It’s that damn review.
They were always punctual, but not this one. You see, it was to be my final appraisal before the company would confirm me as a permanent staff. The past sessions indicated that I had been doing well, but faint ripples were already punctuating still waters. “Sales have been terrible,” I heard an exasperated voice say. “Did you hear? Some people upstairs had already been let go,” said another. My heart wasn’t still either. I would trust the horse’s mouth, I reassured myself. Then the review date came and went. Not a word. A day passed, then three. “Let me check and get back to you.” First red flag.
I remember the day like it was two weeks ago, because it really was. My girlfriend and I both felt extremely lethargic in the morning; perhaps that should have been the second red flag. 9:30am came, then, “Please head downstairs for a very important meeting.” A text popped up on our phones. My stomach lurched.

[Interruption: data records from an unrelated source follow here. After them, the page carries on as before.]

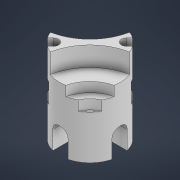
# Autodesk Inventor part: mount-stem
Saved by Autodesk Inventor 2021 (Build 250183000, 183)
## iProperties
Created: 2024-05-22
Part Number: mount-stem
Material: Generic
Document SubType Name: Modeling
Designer: loren
Density: 1 g/cm^3
Appearance: Default
Author: loren
Autodesk Inventor part; units mm, degrees
ref_plane "YZ Plane" through (0, 0, 0) normal (1, 0, 0) x (0, 1, 0)
ref_plane "XZ Plane" through (0, 0, 0) normal (0, 1, 0) x (-1, 0, 0)
sketch "Sketch1" plane through (0, 0, 0) normal (0, 1, 0) x (-1, 0, 0)
  circle A0 centre (0, 0) radius 12.5
  dimension "d0" = 25
  constraints: 1 centre point, 1 coincident
  measures "d0" diameter of A0
extrude "Extrusion1" add sketch "Sketch1" along normal blind 19 and the other way blind 15
sketch "Sketch2" plane through (0, 0, 0) normal (0, 0, 1) x (1, 0, 0)
  line L0 (-5.25, -15) -> (-5.25, -7.5)
  arc A0 (5.25, -7.5) -> (-5.25, -7.5) centre (0, -7.5) ccw
  line L1 (5.25, -7.5) -> (5.25, -15)
  line L2 (5.25, -15) -> (-5.25, -15)
  line L3 (-3.1, -15) -> (-3.1, -7.5)
  arc A1 (3.1, -7.5) -> (-3.1, -7.5) centre (0, -7.5) ccw
  line L4 (3.1, -7.5) -> (3.1, -15)
  line L5 (0, 0) -> (0, -15) construction
  line L6 (-12.5, -15) -> (12.5, -15) projected
  point P0 (0, -7.5)
  dimension "d5" = 10.5
  dimension "d6" = 6.2
  constraints: 12 end point, 4 point on circle, 4 tangent, 3 point on line, 2 centre point, 2 midpoint, 2 perpendicular, 2 vertical, 1 coincident, 1 concentric, 1 parallel
  measures "d5" distance between parallel lines of L1 L0
  measures "d6" distance between parallel lines of L4 L3
extrude "Extrusion2" cut sketch "Sketch2" along normal mid plane 10.5
extrude "Extrusion3" cut sketch "Sketch2" against normal through all both and the other way through all contours L3 A1 L4 L2
pattern_circular "Circular Pattern1" count 2 over 90 about axis through (0, -10, 0) along (0, 1, 0) of "Extrusion2", "Extrusion3"
ref_plane "Work Plane1" through (0, 7.5, 0) normal (0, 1, 0) x (1, 0, 0)
sketch "Sketch3" plane through (0, 7.5, 0) normal (0, 1, 0) x (1, 0, 0)
  line L0 (7.2283, 10.1981) -> (6.0151, 8.9849)
  arc A0 (6.0151, 8.9849) -> (8.9849, 6.0151) centre (7.5, 7.5) ccw
  line L1 (8.9849, 6.0151) -> (10.1981, 7.2283)
  arc A1 (12.1095, 3.1) -> (3.1, 12.1095) centre (0, 0) ccw projected
  line L2 (0, 0) -> (7.5, 7.5) construction
  line L3 (-17.671, 0) -> (18.5127, 0) projected
  line L4 (5.9188, 11.0099) -> (4.9544, 10.0456)
  arc A2 (4.9544, 10.0456) -> (10.0456, 4.9544) centre (7.5, 7.5) ccw
  line L5 (10.0456, 4.9544) -> (11.0099, 5.9188)
  dimension "d15" = 4.2
  dimension "d16" = 7.5
  dimension "d17" = 45
  dimension "d18" = 7.2
  constraints: 10 end point, 8 point on circle, 4 parallel, 4 tangent, 2 centre point, 1 coincident
  measures "d15" distance between parallel lines of L1 L0
  measures "d16" horizontal distance of L2.end L2.start
  measures "d17" angle of L2 L3
  measures "d18" distance between parallel lines of L5 L4
extrude "Extrusion4" cut sketch "Sketch3" along normal through all both and the other way through all contours A1 L1 A0 L0
extrude "Extrusion5" cut sketch "Sketch3" against normal blind 8
pattern_circular "Circular Pattern2" count 2 over 360 about axis through (0, -10, 0) along (0, 1, 0) of "Extrusion4", "Extrusion5"
sketch "Sketch4" plane through (0, 19, 0) normal (0, 1, 0) x (1, 0, 0)
  circle A0 centre (-15.5, 15.5) radius 20.5
  line L0 (-15.5, 15.5) -> (15.5, 15.5) construction
  line L1 (15.5, 15.5) -> (15.5, -15.5) construction
  line L2 (15.5, -15.5) -> (-15.5, -15.5) construction
  line L3 (-15.5, -15.5) -> (-15.5, 15.5) construction
  circle A1 centre (-15.5, 15.5) radius 13.5
  circle A2 centre (-15.5, 15.5) radius 10.5
  point P0 (0, 0)
  point P1 (15.5, 0)
  point P2 (0, 15.5)
  dimension "d27" = 41
  dimension "d28" = 31
  dimension "d31" = 27
  dimension "d32" = 21
  constraints: 8 end point, 3 centre point, 2 coincident, 2 midpoint, 2 parallel, 2 perpendicular, 1 horizontal, 1 horizontal alignment, 1 vertical alignment
  measures "d27" diameter of A0
  measures "d28" distance of L0.start L0.end
  measures "d31" diameter of A1
  measures "d32" diameter of A2
extrude "Extrusion6" cut sketch "Sketch4" against normal blind 8 contours A0 | A1 | A2
extrude "Extrusion7" cut sketch "Sketch4" against normal blind 12 contours A1 | A2
extrude "Extrusion8" cut sketch "Sketch4" against normal blind 16 contours A2
pattern_circular "Circular Pattern3" count 2 over 360 about axis through (0, -10, 0) along (0, 1, 0) of "Extrusion7", "Extrusion6", "Extrusion8"
body "Solid1"
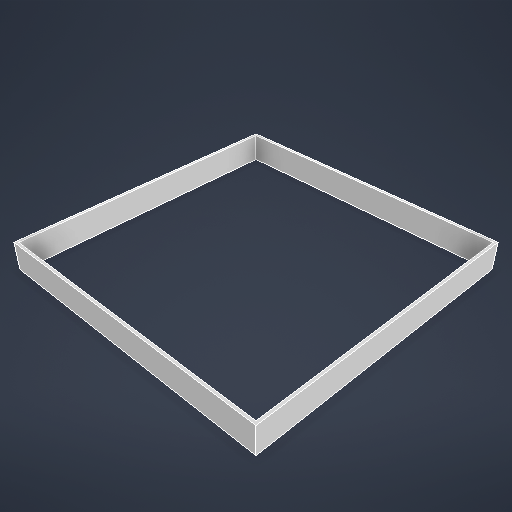
# Autodesk Inventor part: Game_Mat_Inner_Wall
Saved by Autodesk Inventor 2025 (Build 290162000, 162)
## iProperties
Created: 2024-07-08
Part Number: Game_Mat_Inner_Wall
Material: Generic
Document SubType Name: Modeling
Designer: Garfieldcmix
Density: 1 g/cm^3
Appearance: Default
Author: Garfieldcmix
Autodesk Inventor part; units mm, degrees
ref_plane "YZ Plane" through (0, 0, 0) normal (1, 0, 0) x (0, 1, 0)
ref_plane "XZ Plane" through (0, 0, 0) normal (0, 1, 0) x (-1, 0, 0)
ref_plane "XY Plane" through (0, 0, 0) normal (0, 0, 1) x (1, 0, 0)
sketch "Sketch1" plane through (0, 0, 0) normal (0, 1, 0) x (-1, 0, 0)
  line L0 (0, 0) -> (1020, 0)
  line L1 (1020, 0) -> (1020, -1020)
  line L2 (1020, -1020) -> (0, -1020)
  line L3 (0, -1020) -> (0, 0)
  line L4 (1020, -510) -> (0, -510) construction
  line L5 (10, -10) -> (1010, -10)
  line L6 (1010, -10) -> (1010, -1010)
  line L7 (1010, -1010) -> (10, -1010)
  line L8 (10, -1010) -> (10, -10)
  line L9 (1010, -510) -> (10, -510) construction
  point P0 (510, -510)
  dimension "d0" = 1020
  dimension "d1" = 1020
  dimension "d2" = 1000
  dimension "d3" = 1000
  constraints: 20 end point, 6 midpoint, 4 parallel, 2 horizontal, 2 perpendicular
  measures "d0" distance of L1.end L2.end
  measures "d1" distance of L0.end L1.end
  measures "d2" distance of L6.end L7.end
  measures "d3" distance of L5.end L6.end
extrude "Extrusion1" add sketch "Sketch1" along normal blind 100
body "Solid1"
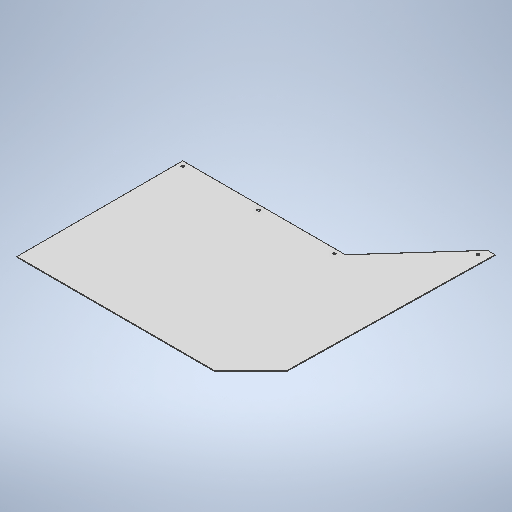
# Autodesk Inventor part: BSH 015 board cone wall
Saved by Autodesk Inventor 2025 (Build 290162010, 162A)
## iProperties
Created: 2024-07-23
Part Number: BSH 015 board cone wall
Material: 09g2s
Document SubType Name: Sheet Metal
Designer: admin
Mass: 17038.2 g
Surface Area: 14581.9 cm^2
Volume: 2170.48 cm^3
Density: 7.85 g/cm^3
Sheet Metal Rule: AISI304 3mm Die 32
Sheet Metal Width: 996,593 mm
Sheet Metal Length: 1034,076 mm
Sheet Metal Area: 1030552,820 mm^2
Appearance: Default
Flat Pattern Width: 99.6593 cm
Flat Pattern Length: 103.408 cm
Flat Pattern Area: 10305.5 cm^2
Stock Number: БШК 015 борт конус стенка
Author: admin
Autodesk Inventor part; units mm, degrees
ref_plane "YZ Plane" through (0, 0, 0) normal (1, 0, 0) x (0, 1, 0)
ref_plane "XZ Plane" through (0, 0, 0) normal (0, 1, 0) x (-1, 0, 0)
ref_plane "XY Plane" through (0, 0, 0) normal (0, 0, 1) x (1, 0, 0)
sketch "Sketch8" plane through (0, 0, 0) normal (0, 0, 1) x (1, 0, 0)
  line L0 (0, 2897) -> (1200, 2897)
  line L1 (1200, 2897) -> (1200, 0)
  line L2 (1200, 0) -> (0, 0)
  line L3 (0, 0) -> (0, 2897)
  line L4 (0, 2897) -> (1200, 0) construction
  line L5 (1200, 2897) -> (0, 0) construction
  line L6 (947, 0) -> (1097, 150)
  line L7 (1097, 150) -> (1147, 2897)
  line L8 (0, 700) -> (1200, 700)
  line L9 (1112.5806, 1006) -> (837.057, 700)
  line L10 (110.253, 0) -> (110.253, 700)
  line L11 (796.688, 700) -> (1081.2157, 1016)
  line L12 (1081.2157, 1016) -> (1112.7627, 1016)
  point P0 (600, 1448.5)
  point P1 (1107.0109, 700)
  dimension "d43" = 1200
  dimension "d44" = 2897
  dimension "d45" = 53
  dimension "d46" = 947
  dimension "d47" = 150
  dimension "d48" = 103
  dimension "d49" = 700
  dimension "d55" = 306
  dimension "d57" = 110.253
  dimension "d61" = 48
  dimension "d65" = 10
  dimension "d66" = 30
  measures "d43" distance of L1.end L2.end
  measures "d44" distance of L0.end L1.end
  measures "d45" distance of L0.end L7.end
  measures "d46" distance of point (0, 0) L6.start
  measures "d47" distance from line of L2 L6.end
  measures "d48" distance from line of L1 L6.end
  measures "d49" distance of L1.end L8.end
  measures "d55" distance from line of L8 L9.start
  measures "d57" distance between parallel lines of L3 L10
  measures "d61" angle of L8 L9
  measures "d65" vertical distance of L9.start L12.end
  measures "d66" distance between parallel lines of L9 L11
extrude "Plate4" add sketch "Sketch8" against normal blind 3 contours L7 L9 L8 L11 L12 | L8 L7 L6 L2 L10 | L7 L8 L9
chamfer "Corner Chamfer1" distance 6 angle 45 2 edges at (947, 0, -1.5) (1097, 150, -1.5)
sketch "Sketch9" plane through (0, 0, 0) normal (0, 0, 1) x (1, 0, 0)
  line L0 (1097.1092, 155.999) -> (1092.7574, 145.7574) projected
  line L1 (1097.1092, 155.999) -> (1112.7627, 1016) projected
  line L2 (1112.7627, 1016) -> (1081.2157, 1016) projected
  line L3 (1081.2157, 1016) -> (796.688, 700) projected
  line L4 (796.688, 700) -> (110.253, 700) projected
  line L5 (110.253, 700) -> (110.253, 0) projected
  line L6 (110.253, 0) -> (941, 0) projected
  line L7 (951.2426, 4.2426) -> (941, 0) projected
  line L8 (951.2426, 4.2426) -> (1092.7574, 145.7574) projected
  circle A0 centre (130.253, 680) radius 5.5
  point P0 (0, 0)
  dimension "d67" = 11
  dimension "d68" = 20
  dimension "d69" = 20
  constraints: 1 centre point
  measures "d67" diameter of A0
  measures "d68" distance from line of L4 A0.centre
  measures "d69" distance from line of L5 A0.centre
extrude "Extrusion2" cut sketch "Sketch9" against normal through all contours A0
pattern_linear "Rectangular Pattern2" count 3 spacing 320 along (1, 0, 0) of "Extrusion2"
sketch "Sketch10" plane through (0, 0, 0) normal (0, 0, 1) x (1, 0, 0)
  circle A0 centre (770.253, 680) radius 5.5 projected
  circle A1 centre (450.253, 680) radius 5.5 projected
  circle A2 centre (130.253, 680) radius 5.5 projected
  line L0 (1097.1092, 155.999) -> (1092.7574, 145.7574) projected
  line L1 (1097.1092, 155.999) -> (1112.7627, 1016) projected
  line L2 (1112.7627, 1016) -> (1081.2157, 1016) projected
  line L3 (1081.2157, 1016) -> (796.688, 700) projected
  line L4 (796.688, 700) -> (110.253, 700) projected
  line L5 (110.253, 700) -> (110.253, 0) projected
  line L6 (110.253, 0) -> (941, 0) projected
  line L7 (951.2426, 4.2426) -> (941, 0) projected
  line L8 (951.2426, 4.2426) -> (1092.7574, 145.7574) projected
  circle A3 centre (1076.0047, 980.323) radius 5.5
  line L9 (1081.2157, 1016) -> (1112.254, 988.053)
  line L10 (1097.1092, 155.999) -> (1112.7627, 1016) projected
  point P0 (0, 0)
  dimension "d75" = 20
  dimension "d76" = 30
  constraints: 2 end point, 1 centre point, 1 equal radius, 1 perpendicular, 1 point on line
  measures "d75" distance from line of A3.centre L3
  measures "d76" distance from line of L9 A3.centre
extrude "Extrusion3" cut sketch "Sketch10" against normal through all contours A3
equation "\"d50\" = Thickness"
equation "\"BendReliefWidth\" = Thickness"
equation "\"BendReliefDepth\" = 0.5 * Thickness"
equation "\"CornerReliefSize\" = 4 * Thickness"
equation "\"MinimumRemnant\" = 2 * Thickness"
equation "\"TransitionRadius\" = BendRadius"
equation "\"JacobiRadiusSize\" = BendRadius"
equation "\"GapSize\" = Thickness"
equation "\"Thickness\" = 3"
equation "\"BendRadius\" = 5"
body "Solid2"

Level 2, Recreation Centre
Perhaps the most ironic place to hold an urgent meeting of that gravity was right in front of the karaoke room, games room, and billiard table. That space was better remembered with endless stockpiles of beer, snacks, and fanfare. That day (Tuesday), it was deathly silent. Everyone settled down quickly; there was no time for pleasantries. It seemed like everyone got the unspoken memo. Our CEO broke the silence, not with his voice, but with the unrolling of a projection screen, which was probably scarier. On it, a single graph showing how bad sales were. He explained how many options had already been exhausted, and this was their last resort. Aha, things were starting to add up, and I didn’t like the final sum — 26 people would be let go over the course of the day. With that, we were dismissed to contemplate our individual fates. There were plenty of worried faces, as was mine. I could hear my proverbial clock ticking down. A t.A.T.u song popped up in my head. White Robes. In the music video, Lena was preparing herself for her end at the hands of a firing squad. So was I.
Level 4, Office
We were all sat in our places, unable to digest the reality of the situation. Up till that point, retrenchment was an exercise only recounted to us by other people. You could cut the tension with a knife; if only it was just the tension that was being cut. An hour later, our manager entered the room. “Kevin.” A single word rang out, not a loud command, but everyone knew what it meant. Kevin, our accounts manager who only joined a little over three months ago, got up, glanced briefly around, and left without a word. The culling had begun, and we, the selected pigs, would be led off to the slaughter. A short time later, he returned and started packing, also without a word (Kevin was one of those loudmouths who never shied from an opinion). 30 minutes later, “Jin Wen.” The only time the corporate machine ran without a hitch was when it drew blood.
Another 30 minutes passed, then an hour, then two. A small part of me wondered if the culling had ended, but I knew better than to celebrate an undetermined victory. My anxiety heightened, then simmered. If I had to go, I had to go. Those words barely left my head when my manager came up to me. “Benjamin.”
Level 4, waiting
Surprisingly, I was calm. The anxiety-fuelled preempting worked. As my manager and I waited for the elevator, he knew he didn’t need to tell me what was about to happen. He lowered his head and with all the solemness he could muster, said, “I’m really sorry.”
“It’s okay!” I chirped, sounding surprisingly upbeat; it was almost fake. We went back to the recreational centre which was converted into a makeshift abattoir by then. One meeting room was earmarked for the “talk”, and in it were the CEO, GM, and my manager, who took his place beside both of them. All three of them wore their best “I’m sorry” expressions. Something was said about the need to regain the trust of those who remained, a group I clearly would not have a further part in. Something something we’re very sorry, something something wish you all the best. I felt like a deportee at airport customs, going to different stations, handing over office belongings, clearing data, exiting group chats. It was methodical yet extremely unprofessional; on the table, near the letter of retrenchment I had to sign, was a list of people — full names included — scheduled for the chop. There it was, clear as day, my name, with a tick beside it.
To further weigh in on the politics and cattiness involved in the entire process would warrant another article. For now, I found myself walking out of the compound to have lunch with my girlfriend for the last time as colleagues. More than the work I had done, I was very proud and thankful for the opportunity to work alongside her, and in doing so, strengthen our relationship. We cried together that afternoon, but more importantly, we’re looking forward to what the next chapter brings.